Output the records exactly, and drop each picture.

** Opening DATA SHOWN block **

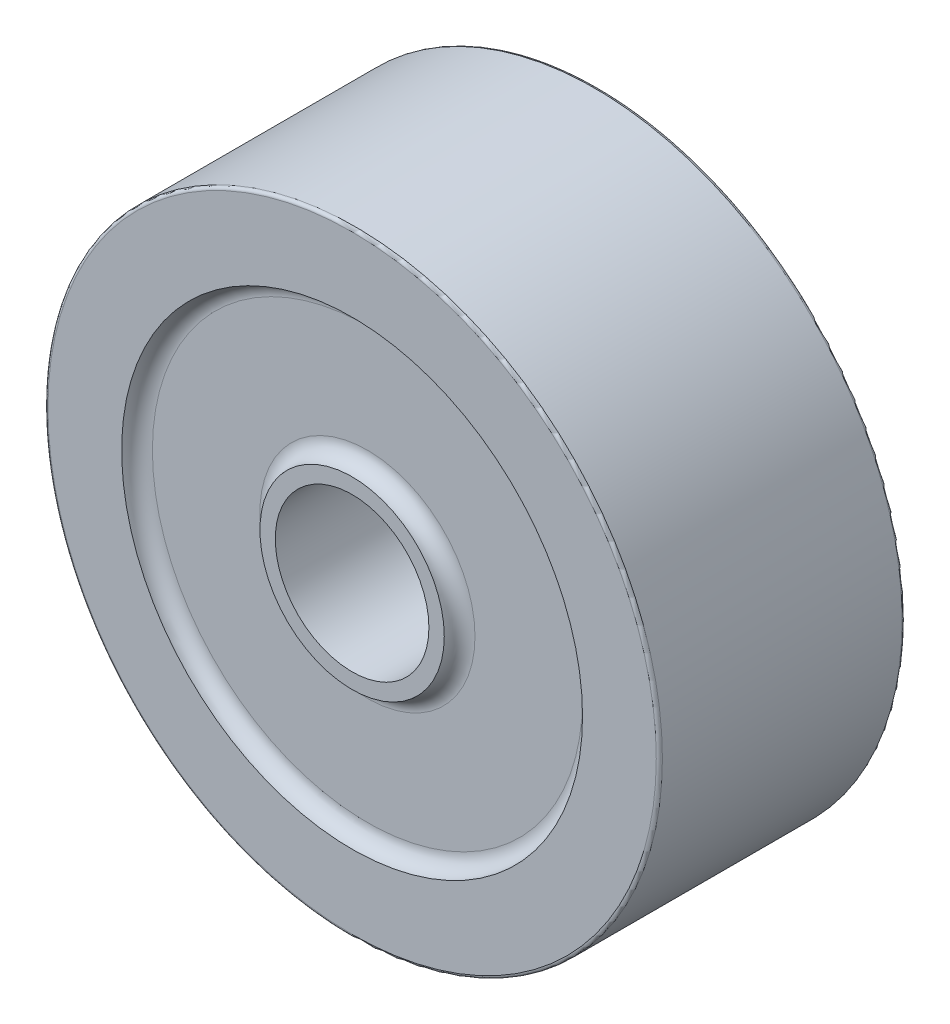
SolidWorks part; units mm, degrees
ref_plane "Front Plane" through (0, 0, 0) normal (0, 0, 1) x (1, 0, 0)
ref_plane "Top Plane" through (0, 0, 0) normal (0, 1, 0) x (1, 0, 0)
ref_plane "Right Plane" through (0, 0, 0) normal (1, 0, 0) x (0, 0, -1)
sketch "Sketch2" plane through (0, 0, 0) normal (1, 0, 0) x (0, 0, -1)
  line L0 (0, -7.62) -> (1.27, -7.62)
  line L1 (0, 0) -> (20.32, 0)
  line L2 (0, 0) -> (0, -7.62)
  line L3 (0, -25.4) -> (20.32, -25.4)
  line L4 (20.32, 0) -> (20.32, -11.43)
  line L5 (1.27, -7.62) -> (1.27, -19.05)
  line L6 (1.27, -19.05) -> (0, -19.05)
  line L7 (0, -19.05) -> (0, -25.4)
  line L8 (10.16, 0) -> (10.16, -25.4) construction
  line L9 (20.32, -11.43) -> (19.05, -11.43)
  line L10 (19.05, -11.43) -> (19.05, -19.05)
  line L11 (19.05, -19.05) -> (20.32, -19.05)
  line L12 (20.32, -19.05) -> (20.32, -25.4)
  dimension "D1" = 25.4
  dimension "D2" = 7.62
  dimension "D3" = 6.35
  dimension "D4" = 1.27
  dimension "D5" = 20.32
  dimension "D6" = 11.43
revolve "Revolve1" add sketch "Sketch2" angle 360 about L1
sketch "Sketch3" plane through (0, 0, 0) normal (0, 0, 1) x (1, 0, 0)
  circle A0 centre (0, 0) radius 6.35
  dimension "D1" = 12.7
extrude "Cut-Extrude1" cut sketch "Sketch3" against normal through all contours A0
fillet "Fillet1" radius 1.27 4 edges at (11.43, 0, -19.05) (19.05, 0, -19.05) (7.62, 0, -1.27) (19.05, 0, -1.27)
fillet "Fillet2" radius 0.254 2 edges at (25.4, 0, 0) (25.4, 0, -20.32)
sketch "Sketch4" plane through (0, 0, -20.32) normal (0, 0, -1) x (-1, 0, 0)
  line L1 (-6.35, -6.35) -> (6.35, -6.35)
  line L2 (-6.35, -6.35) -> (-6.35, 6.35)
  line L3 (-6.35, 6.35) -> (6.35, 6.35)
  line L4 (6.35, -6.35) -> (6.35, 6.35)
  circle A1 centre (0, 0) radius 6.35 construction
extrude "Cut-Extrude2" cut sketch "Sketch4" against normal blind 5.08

** Closing DATA SHOWN block **

REPLY:
SolidWorks part; units mm, degrees
ref_plane "Front Plane" through (0, 0, 0) normal (0, 0, 1) x (1, 0, 0)
ref_plane "Top Plane" through (0, 0, 0) normal (0, 1, 0) x (1, 0, 0)
ref_plane "Right Plane" through (0, 0, 0) normal (1, 0, 0) x (0, 0, -1)
sketch "Sketch2" plane through (0, 0, 0) normal (1, 0, 0) x (0, 0, -1)
  line L0 (0, -7.62) -> (1.27, -7.62)
  line L1 (0, 0) -> (20.32, 0)
  line L2 (0, 0) -> (0, -7.62)
  line L3 (0, -25.4) -> (20.32, -25.4)
  line L4 (20.32, 0) -> (20.32, -11.43)
  line L5 (1.27, -7.62) -> (1.27, -19.05)
  line L6 (1.27, -19.05) -> (0, -19.05)
  line L7 (0, -19.05) -> (0, -25.4)
  line L8 (10.16, 0) -> (10.16, -25.4) construction
  line L9 (20.32, -11.43) -> (19.05, -11.43)
  line L10 (19.05, -11.43) -> (19.05, -19.05)
  line L11 (19.05, -19.05) -> (20.32, -19.05)
  line L12 (20.32, -19.05) -> (20.32, -25.4)
  dimension "D1" = 25.4
  dimension "D2" = 7.62
  dimension "D3" = 6.35
  dimension "D4" = 1.27
  dimension "D5" = 20.32
  dimension "D6" = 11.43
revolve "Revolve1" add sketch "Sketch2" angle 360 about L1
sketch "Sketch3" plane through (0, 0, 0) normal (0, 0, 1) x (1, 0, 0)
  circle A0 centre (0, 0) radius 6.35
  dimension "D1" = 12.7
extrude "Cut-Extrude1" cut sketch "Sketch3" against normal through all contours A0
fillet "Fillet1" radius 1.27 4 edges at (11.43, 0, -19.05) (19.05, 0, -19.05) (7.62, 0, -1.27) (19.05, 0, -1.27)
fillet "Fillet2" radius 0.254 2 edges at (25.4, 0, 0) (25.4, 0, -20.32)
sketch "Sketch4" plane through (0, 0, -20.32) normal (0, 0, -1) x (-1, 0, 0)
  line L1 (-6.35, -6.35) -> (6.35, -6.35)
  line L2 (-6.35, -6.35) -> (-6.35, 6.35)
  line L3 (-6.35, 6.35) -> (6.35, 6.35)
  line L4 (6.35, -6.35) -> (6.35, 6.35)
  circle A1 centre (0, 0) radius 6.35 construction
extrude "Cut-Extrude2" cut sketch "Sketch4" against normal blind 5.08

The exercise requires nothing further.